Aku yang tidak terima segera melepaskan genggamanmu dan bangkit dari dudukku. "Itu hasil pemerkosaan Sissy! Kamu ada kesempatan buat membela diri kamu!"
Kau menggeleng keras. "Aku seharusnya nggak bunuh dia!"
Aku merendahkan tubuhku tenggang mengatur posisi untuk bersimpuh di hadapanmu. "Si, kamu pernah bilang sama aku kalau kontrasepsi umum nggak bisa bebas bahkan memakai pil plan B resikonya lebih besar buat aborsi kan. Dan itu semua artinya kamu belum siap melahirkan dia."
Kejadiannya telah lima tahun yang lalu kala kamu masih bekerja di sebuah perusahaan industri. Selama lima tahun masa-masa di mana kamu sedang berusaha menerima keadaan. Penyesalan yang terjadi padamu melebami psikismu.
Penyesalan yang menggiring perasaan bersalah karena tidak bisa menjaga diri sendiri dan pernah tumbang sampai ke terapi.

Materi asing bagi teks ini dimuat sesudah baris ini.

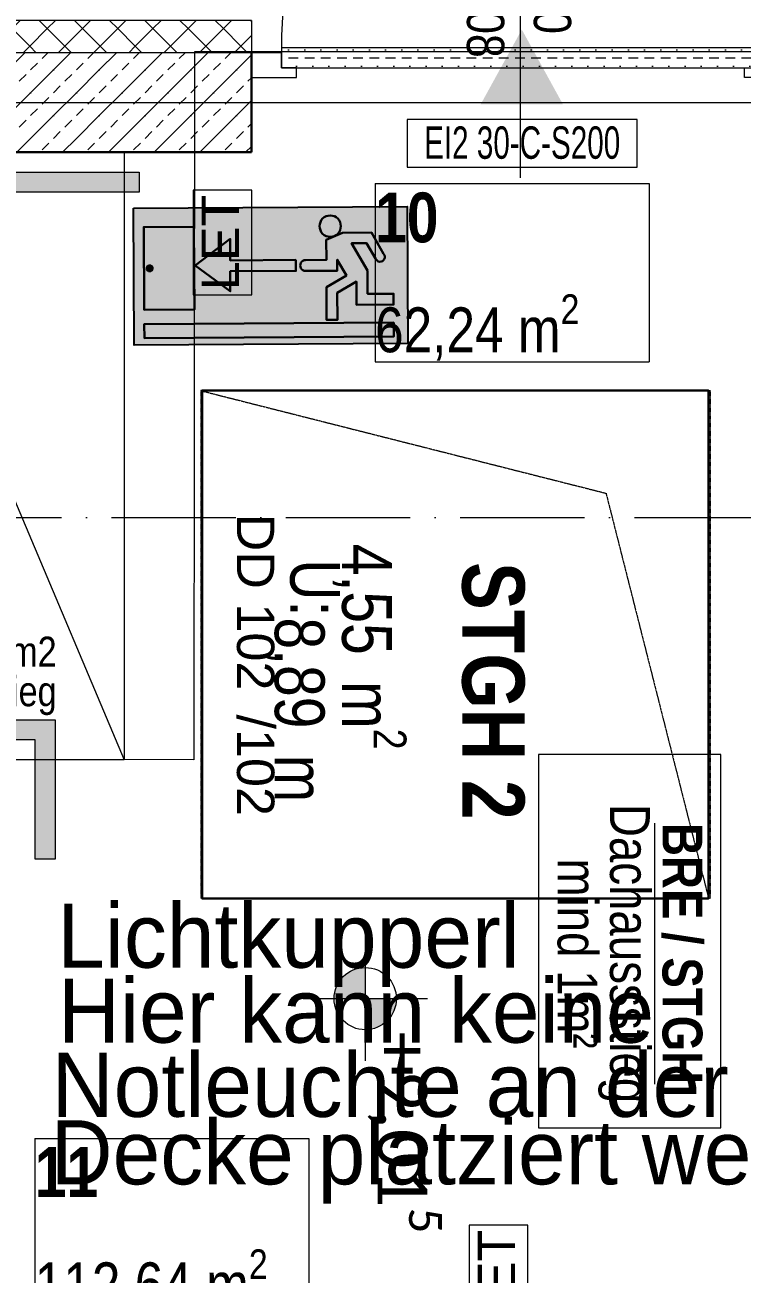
# Model space of a CAD drawing. Header units: metres. Extents: x -19025 to 34897, y -14024 to 26069.
# Drawn here: x 21522 to 22962, y 9095 to 11604 of the extents above; entities that cross this region are included whole.
import ezdxf
from ezdxf.enums import TextEntityAlignment as Align

# ---------------------------------------------------------------- set-up
doc = ezdxf.new("R2010")
doc.units = ezdxf.units.M
doc.header["$MEASUREMENT"] = 0
doc.linetypes.add('Schnittlinie', pattern=[0.35, 0.25, -0.05, 0, -0.05])
doc.linetypes.add('Strichlinie eng', pattern=[0.1, 0.075, -0.025])
for name, color, linetype in [('11__100 Achsraster', 7, 'Continuous'), ('120 Wand Innen tragend', 7, 'Continuous'), ('210 Decke', 7, 'Continuous'), ('220 Bodenaufbau', 7, 'Continuous'), ('662 Zaun 2D', 7, 'Continuous'), ('810 Raumstempel', 7, 'Continuous'), ('821 Topsstempel gelb PP', 7, 'Continuous'), ('851 Marker Schnitt PP', 7, 'Continuous'), ('870 Deckendurchbruchsymbol', 7, 'Continuous'), ('910 Kote allgemein', 7, 'Continuous'), ('930 Beschriftung Allgemein', 7, 'Continuous'), ('936 Beschriftung Ausführungsplan', 7, 'Continuous'), ('936 Beschriftung PP', 7, 'Continuous')]:
    doc.layers.add(name, color=color, linetype=linetype)
doc.layers.add('E_Sicherheitsbeleuchtung', color=100, linetype='Continuous', true_color=0x05ff44)
doc.styles.add('ERSTELLTER_STIL_1', font='ARIALN.TTF')
doc.styles.add('ERSTELLTER_STIL_2', font='ARIALNB.TTF')
doc.styles.add('ERSTELLTER_STIL_3', font='arial.ttf')
doc.styles.add('ERSTELLTER_STIL_4', font='arialbd.ttf')
doc.styles.add('ERSTELLTER_STIL_5', font='calibril.ttf')
doc.styles.add('ERSTELLTER_STIL_7', font='ARIALN.TTF', dxfattribs={"width": 0.8})
doc.linetypes.add('Grenze Bezirk', pattern='A,0,[2,22HAUS116_412 STG1 _ 2.DG_IndexB_2026-08-161.Shx,S=0.001587,R=0,X=0,Y=0],-0.25,0', length=0.25)
pattern_1 = [(45, (0, 0), (-0.03535534, 0.03535534), [0.05, 0]), (135, (0, 0), (0.03535534, 0.03535534), [0.05, 0])]
pattern_2 = [(45, (0, 0), (-0.04596194, 0.04596194), [0.0195, -0.013]), (45, (-0.02298, 0.02298), (-0.04596194, 0.04596194), [0.065, 0])]

# ---------------------------------------------------------------- blocks, each defined once
blk = doc.blocks.new('STGH 2_015_17_1', base_point=(20.5999, 14.8465))
at = {"layer": '810 Raumstempel', "color": 7, "lineweight": 13, "char_height": 0.1, "attachment_point": 1, "rotation": 270, "style": 'ERSTELLTER_STIL_1'}
for s, insert in [('\\A1;{\\pql;\\pt0,0.05;\\fArial Narrow|b0|i0|c0|p0;\\W1.000000;4,55\\fArial Narrow|b0|i0|c0|p0;\\W1.000000;\\A1{\\H.66x;\\S^  ;}\\fArial Narrow|b0|i0|c0|p0;\\W1.000000; m\\fArial Narrow|b0|i0|c0|p0;\\W1.000000;\\A1{\\H.66x;\\S2^  ;}}', (20.5367, 14.8647)), ('\\A1;{\\pql;\\pt0,0.05;\\fArial Narrow|b0|i0|c0|p0;\\W1.000000;8,89\\fArial Narrow|b0|i0|c0|p0;\\W1.000000;\\A1{\\H.66x;\\S^  ;}\\fArial Narrow|b0|i0|c0|p0;\\W1.000000; m\\fArial Narrow|b0|i0|c0|p0;\\W1.000000;\\A1{\\H.66x;\\S^  ;}}', (20.3724, 14.7168))]:
    blk.add_mtext(s, dxfattribs=dict(at, insert=insert))
at = {"layer": '810 Raumstempel', "color": 7, "lineweight": 13}
for tag, height, style, p in [('DUMMY_891', 0.1, 'ERSTELLTER_STIL_1', (20.568, 14.8647)), ('perimeterCode', 0.1, 'ERSTELLTER_STIL_1', (20.4033, 14.8334)), ('ROOM_NAME', 0.125, 'ERSTELLTER_STIL_2', (20.7739, 14.8278)), ('DUMMY_890', 0.125, 'ERSTELLTER_STIL_2', (20.7739, 14.342))]:
    blk.add_attdef(tag, text='', height=height, rotation=270, dxfattribs=dict(at, style=style)).set_placement(p, align=Align.TOP_LEFT)
blk = doc.blocks.new('Decke_7_1', base_point=(20.1114, 15.8525))
at = {"layer": '220 Bodenaufbau', "color": 7, "linetype": 'Continuous', "lineweight": 13, "flags": 128}
blk.add_lwpolyline([(20.1114, 15.8525), (20.11, 14.4306), (19.5493, 14.4312), (19.5512, 13.026), (21.52, 13.026), (21.52, 15.8525)], close=True, dxfattribs=at)
blk = doc.blocks.new('Eingang 01 1-Fl 27')
at = {"layer": '120 Wand Innen tragend', "linetype": 'Continuous', "lineweight": 0, "true_color": 0xffffff}
h = blk.add_hatch(dxfattribs=at)
h.set_pattern_fill('SAND_SN5_0001', style=0, pattern_type=2)
h.set_pattern_definition([(0, (0, 0), (0, 0.065), [0.0195, -0.013]), (0, (0, 0.01625), (0, 0.065), [0, -0.0325]), (0, (0.01625, 0.0325), (0, 0.065), [0.0195, -0.013]), (0, (0.01625, 0.04875), (0, 0.065), [0, -0.0325])])
h.paths.add_polyline_path([(-0.48, 0.01), (-0.48, -0.03), (0.48, -0.03), (0.48, 0.01)])
at = {"layer": '120 Wand Innen tragend', "color": 7, "linetype": 'Continuous', "lineweight": 13}
for p, q in [((0.48, 0.01), (0.48, 0.97)), ((-0.54, 0.065), (-0.54, 0)), ((0.54, 0.065), (0.54, 0)), ((-0.48, 0), (-0.54, 0)), ((-0.54, 0), (-0.54, -0.05)), ((-0.48, 0.01), (-0.48, -0.03)), ((0.48, 0.01), (-0.48, 0.01)), ((-0.48, -0.03), (-0.48, 0)), ((0.48, -0.03), (0.48, 0.01)), ((0.48, -0.03), (0.48, 0)), ((0.48, 0), (0.54, 0)), ((0.54, 0), (0.54, -0.05)), ((-0.54, -0.05), (-0.45, -0.05)), ((-0.45, -0.03), (-0.48, -0.03)), ((-0.48, -0.03), (0.48, -0.03)), ((-0.45, -0.05), (-0.45, -0.03)), ((0.45, -0.05), (0.45, -0.03)), ((0.45, -0.03), (0.48, -0.03)), ((0.54, -0.05), (0.45, -0.05))]:
    blk.add_line(p, q, dxfattribs=at)
at = {"layer": '120 Wand Innen tragend', "color": 7, "linetype": 'Continuous', "lineweight": 30}
for p, q in [((-0.54, 0), (-0.54, -0.05)), ((-0.54, 0), (-0.54, -0.05)), ((0.54, 0), (0.54, -0.05)), ((0.54, 0), (0.54, -0.05)), ((-0.54, -0.05), (-0.54, -0.2)), ((0.54, -0.05), (0.54, -0.2))]:
    blk.add_line(p, q, dxfattribs=at)
at = {"layer": '120 Wand Innen tragend', "color": 7, "linetype": 'Continuous', "lineweight": 13}
blk.add_arc((0.48, 0.01), 0.96, 90, 180, dxfattribs=at)
blk = doc.blocks.new('T Marker AUT 27_7')
at = {"layer": '120 Wand Innen tragend', "color": 7, "linetype": 'Continuous', "lineweight": 13}
blk.add_line((0, 0.0513), (0, -0.8008), dxfattribs=at)
at = {"layer": '120 Wand Innen tragend', "color": 7, "lineweight": 13, "style": 'ERSTELLTER_STIL_1'}
for tag, height, rotation, p in [('widthPrefix1st50_0', 0.075, 90, (-0.0043, -0.3971)), ('widthPrefix1st50_1', 0.075, 90, (0.13, -0.3971)), ('DUMMY_270', 0.05, 90, (0.08, -0.1643)), ('DUMMY_269', 0.05, 90, (-0.0543, -0.2126)), ('AC_SillPrefix_STUK', 0.075, 180, (0.2781, -0.4527)), ('DUMMY_268', 0.05, 180, (-0.2455, -0.512))]:
    blk.add_attdef(tag, text='', height=height, rotation=rotation, dxfattribs=at).set_placement(p, align=Align.BOTTOM_LEFT)
blk = doc.blocks.new('Wand_15_1', base_point=(21.5305, 15.751))
at = {"layer": '120 Wand Innen tragend', "linetype": 'Continuous', "lineweight": 13, "true_color": 0xa7a7a7}
h = blk.add_hatch(dxfattribs=at)
h.set_pattern_fill('GIPSKARTONWAND_0001', color=253, style=0, pattern_type=2)
h.set_pattern_definition(pattern_1)
h.paths.add_polyline_path([(18.5948, 15.916), (18.5948, 15.851), (20.2257, 15.851), (20.2257, 15.916)])
h = blk.add_hatch(dxfattribs=at)
h.set_pattern_fill('GIPSKARTONWAND_0001', color=253, style=0, pattern_type=2)
h.set_pattern_definition(pattern_1)
h.paths.add_polyline_path([(21.3057, 15.851), (21.5305, 15.851), (21.5305, 15.916), (21.3057, 15.916)])
at = {"layer": '120 Wand Innen tragend', "linetype": 'Continuous', "lineweight": 0, "true_color": 0x000000}
h = blk.add_hatch(dxfattribs=at)
h.set_pattern_fill('BETON__BEWEHRT_SN46_0001', color=18, style=0, pattern_type=2)
h.set_pattern_definition(pattern_2)
h.paths.add_polyline_path([(20.2257, 15.851), (18.5948, 15.851), (18.5948, 15.651), (20.2257, 15.651)])
h = blk.add_hatch(dxfattribs=at)
h.set_pattern_fill('BETON__BEWEHRT_SN46_0001', color=18, style=0, pattern_type=2)
h.set_pattern_definition(pattern_2)
h.paths.add_polyline_path([(21.5305, 15.851), (21.3057, 15.851), (21.3057, 15.651), (21.5305, 15.651)])
at = {"layer": '120 Wand Innen tragend', "color": 7, "linetype": 'Continuous', "lineweight": 13}
for p, q in [((20.2257, 15.916), (20.2257, 15.851)), ((21.3057, 15.916), (21.3057, 15.851)), ((20.2257, 15.851), (18.5948, 15.851)), ((21.5305, 15.851), (21.3057, 15.851))]:
    blk.add_line(p, q, dxfattribs=at)
at = {"layer": '120 Wand Innen tragend', "color": 7, "linetype": 'Continuous', "lineweight": 30}
for p, q in [((20.2257, 15.851), (20.2257, 15.801)), ((21.3057, 15.851), (21.3057, 15.801)), ((20.2257, 15.801), (20.2257, 15.651)), ((21.3057, 15.801), (21.3057, 15.651))]:
    blk.add_line(p, q, dxfattribs=at)
at = {"layer": '120 Wand Innen tragend', "color": 7, "linetype": 'Continuous', "lineweight": 13, "flags": 128}
for points in [[(19.1507, 15.916), (18.5948, 15.916)], [(18.5948, 15.851), (18.5948, 15.916)], [(20.2257, 15.916), (19.2557, 15.916)], [(21.5305, 15.916), (21.3057, 15.916)], [(21.5305, 15.851), (21.5305, 15.916)]]:
    blk.add_lwpolyline(points, dxfattribs=at)
at = {"layer": '120 Wand Innen tragend', "color": 7, "linetype": 'Continuous', "lineweight": 30, "flags": 128}
for points in [[(18.5948, 15.651), (20.2257, 15.651)], [(21.3057, 15.651), (21.5305, 15.651)]]:
    blk.add_lwpolyline(points, dxfattribs=at)
at = {"layer": '120 Wand Innen tragend', "color": 7, "linetype": 'Continuous', "lineweight": 13}
blk.add_blockref('Eingang 01 1-Fl 27', (20.7657, 15.851), dxfattribs=at)
at = {"layer": '120 Wand Innen tragend', "color": 7, "lineweight": 13}
ref = blk.add_blockref('T Marker AUT 27_7', (20.7657, 15.651), dxfattribs=dict(at, rotation=180))
ref.add_attrib('widthPrefix1st50', 'DL90', dxfattribs={"color": 7, "lineweight": 13, "height": 0.075, "rotation": 270, "style": 'ERSTELLTER_STIL_1'}).set_placement((20.77, 16.0941), align=Align.BOTTOM_LEFT)
ref.add_attrib('widthPrefix1st50_1', 'DL208', dxfattribs={"color": 7, "lineweight": 13, "height": 0.075, "rotation": 270, "style": 'ERSTELLTER_STIL_1'}).set_placement((20.6357, 16.0941), align=Align.BOTTOM_LEFT)
ref.add_attrib('AC_SillPrefix_STUK', 'STUK +11,19', dxfattribs={"color": 7, "lineweight": 13, "height": 0.075, "rotation": 360, "style": 'ERSTELLTER_STIL_1'}).set_placement((20.4875, 16.1223), align=Align.BOTTOM_LEFT)
blk = doc.blocks.new('Höhenbemaßung_9_1', base_point=(20.454, 13.9511))
at = {"layer": '910 Kote allgemein', "linetype": 'Continuous', "lineweight": 13}
for points in [[(20.454, 13.9511), (20.454, 14.0136), (20.4301, 14.0088), (20.4098, 13.9953), (20.3963, 13.975), (20.3915, 13.9511)], [(20.454, 13.9511), (20.454, 13.8886), (20.4779, 13.8934), (20.4982, 13.9069), (20.5118, 13.9272), (20.5165, 13.9511)]]:
    blk.add_hatch(color=7, dxfattribs=at).paths.add_polyline_path(points)
at = {"layer": '910 Kote allgemein', "color": 7, "linetype": 'Continuous', "lineweight": 13}
for p, q in [((20.454, 14.0761), (20.454, 13.8261)), ((20.329, 13.9511), (20.579, 13.9511))]:
    blk.add_line(p, q, dxfattribs=at)
blk.add_circle((20.454, 13.9511), 0.0625, dxfattribs=at)
at = {"layer": '910 Kote allgemein', "color": 7, "lineweight": 13, "insert": (20.4495, 13.8849), "char_height": 0.1, "attachment_point": 7, "rotation": 270, "style": 'ERSTELLTER_STIL_5'}
blk.add_mtext('\\A1;{\\pql;\\fCalibri Light|b0|i0|c0|p0;\\W1.000000;+9,01\\fCalibri Light|b0|i0|c0|p0;\\W1.000000;\\A1{\\H.66x;\\S5^  ;}}', dxfattribs=at)
blk = doc.blocks.new('Standard-Rastermarker_13')
at = {"layer": '11__100 Achsraster', "color": 8, "linetype": 'Grenze Bezirk', "lineweight": 5}
blk.add_line((1, 0), (28.1323, 0), dxfattribs=at)
at = {"layer": '11__100 Achsraster', "color": 8, "lineweight": 5, "style": 'ERSTELLTER_STIL_4'}
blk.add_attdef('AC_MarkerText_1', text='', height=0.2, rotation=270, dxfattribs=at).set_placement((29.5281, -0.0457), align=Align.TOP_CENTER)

Kejadian yang mati-matian kau sembunyikan akhirnya terkuak oleh laporan seorang anak ketua MPR melakukan aborsi di tempatmu. Seluruh daftar nama yang pernah melakukan praktek itu pun terkena imbas.
Sorotmu masih terkental sayu terus berusaha menguatkan aku, rasanya ingin kukecup kelopak matamu secepat mungkin.
"Mereka yang bilang aku pembunuh sekalipun aku katakan aku baru menyadari janinnya sebulan kemudian dan .. aku nggak siap."
"Mengapa dengarkan mereka? Mengapa kamu mendengarkan orang-orang yang nggak percaya denganmu?" Lirihku.
Jemarimu merajami wajahku. Senyum lembutmu yang selalu hangat terasa membeku untukku kali ini.
"Aku sudah menimbang-nimbang lama dan keputusanku akan memperjuangkan diriku sendiri tetapi bukan dari instansi hukum, Diaz. Mereka nggak peduli dan nggak akan pernah mau mendengar. Jadi biarkan aku."
Aku berbalik ke posisi dudukku di sampingmu yang tetap menahan tautan jemariku kepadamu. Dalam punggung meringkuk untuk mencium tanganmu, aku memejamkan mata. Tak lama aku merasakan jemarimu menelusuri rambutku.
"Aku hanya membutuhkan kepercayaanmu."
Hening menyusupi dunia kita. Apakah kita sedang menangisi kenyataan ini bersama?